What is expected. Repeat word for word the lines from the top of the records through the line containing "arc A2 (25, -20)", and skip the pictures.

Records from a data source:
* * * *

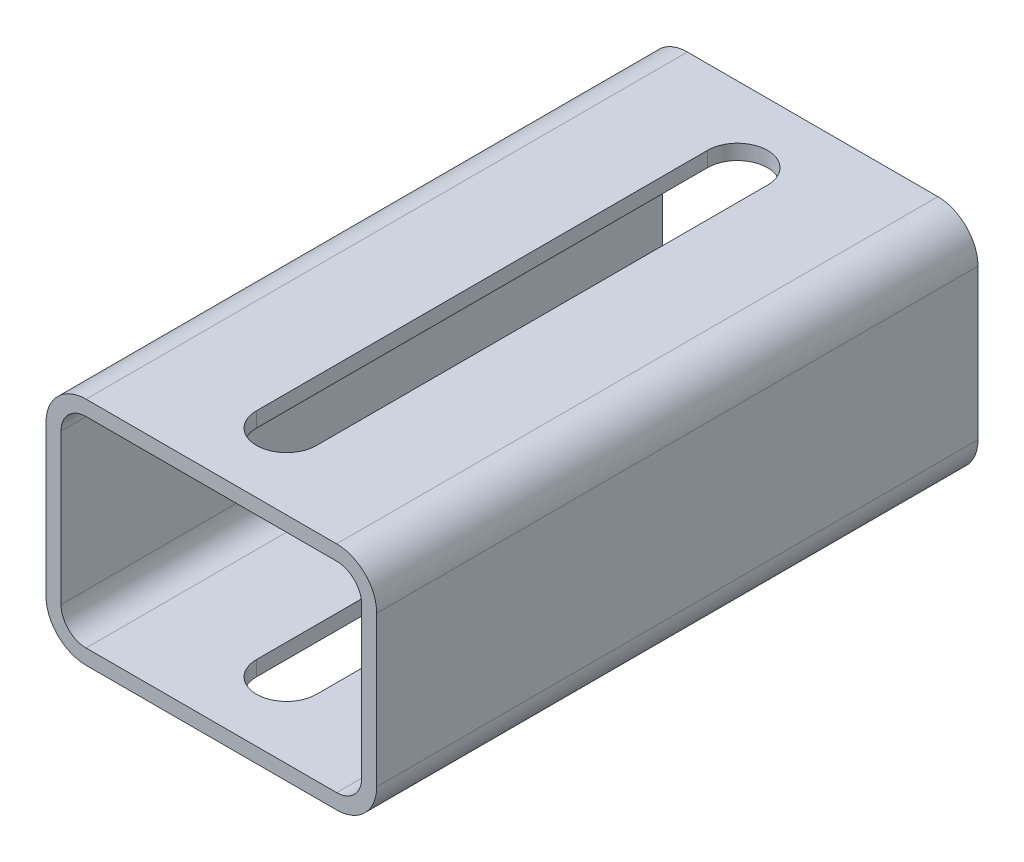
SolidWorks part; units mm, degrees
ref_plane "Front Plane" through (0, 0, 0) normal (0, 0, 1) x (1, 0, 0)
ref_plane "Top Plane" through (0, 0, 0) normal (0, 1, 0) x (1, 0, 0)
ref_plane "Right Plane" through (0, 0, 0) normal (1, 0, 0) x (0, 0, -1)
sketch "Sketch2" plane through (0, 0, 0) normal (0, 0, 1) x (1, 0, 0)
  line L1 (-25, 20) -> (25, 20)
  line L2 (-30, 15) -> (-30, -15)
  line L3 (-25, -20) -> (25, -20)
  line L4 (30, 15) -> (30, -15)
  line L5 (-30, 20) -> (30, -20) construction
  line L6 (-30, -20) -> (30, 20) construction
  arc A0 (-25, 20) -> (-30, 15) centre (-25, 15) ccw
  arc A1 (-30, -15) -> (-25, -20) centre (-25, -15) ccw
  arc A2 (25, -20) -> (30, -15) centre (25, -15) ccw
  arc A3 (25, 20) -> (30, 15) centre (25, 15) cw
  point P0 (0, 0)
  dimension "D3" = 5
  dimension "D1" = 60
  dimension "D2" = 40
extrude "Extrude-Thin1" add sketch "Sketch2" along normal mid plane 120 thin thin type one direction wall 3
sketch "Sketch4" plane through (0, 23, 0) normal (0, 1, 0) x (1, 0, 0)
  line L0 (0, 45) -> (0, -45) construction
  line L1 (6, 45) -> (6, -45)
  line L2 (-6, 45) -> (-6, -45)
  arc A0 (6, 45) -> (-6, 45) centre (0, 45) ccw
  arc A1 (-6, -45) -> (6, -45) centre (0, -45) ccw
  point P2 (0, 0)
  dimension "D2" = 6
  dimension "D1" = 90
extrude "Cut-Extrude1" cut sketch "Sketch4" against normal through all

* * * *

Output of the exercise.
SolidWorks part; units mm, degrees
ref_plane "Front Plane" through (0, 0, 0) normal (0, 0, 1) x (1, 0, 0)
ref_plane "Top Plane" through (0, 0, 0) normal (0, 1, 0) x (1, 0, 0)
ref_plane "Right Plane" through (0, 0, 0) normal (1, 0, 0) x (0, 0, -1)
sketch "Sketch2" plane through (0, 0, 0) normal (0, 0, 1) x (1, 0, 0)
  line L1 (-25, 20) -> (25, 20)
  line L2 (-30, 15) -> (-30, -15)
  line L3 (-25, -20) -> (25, -20)
  line L4 (30, 15) -> (30, -15)
  line L5 (-30, 20) -> (30, -20) construction
  line L6 (-30, -20) -> (30, 20) construction
  arc A0 (-25, 20) -> (-30, 15) centre (-25, 15) ccw
  arc A1 (-30, -15) -> (-25, -20) centre (-25, -15) ccw
  arc A2 (25, -20) -> (30, -15) centre (25, -15) ccw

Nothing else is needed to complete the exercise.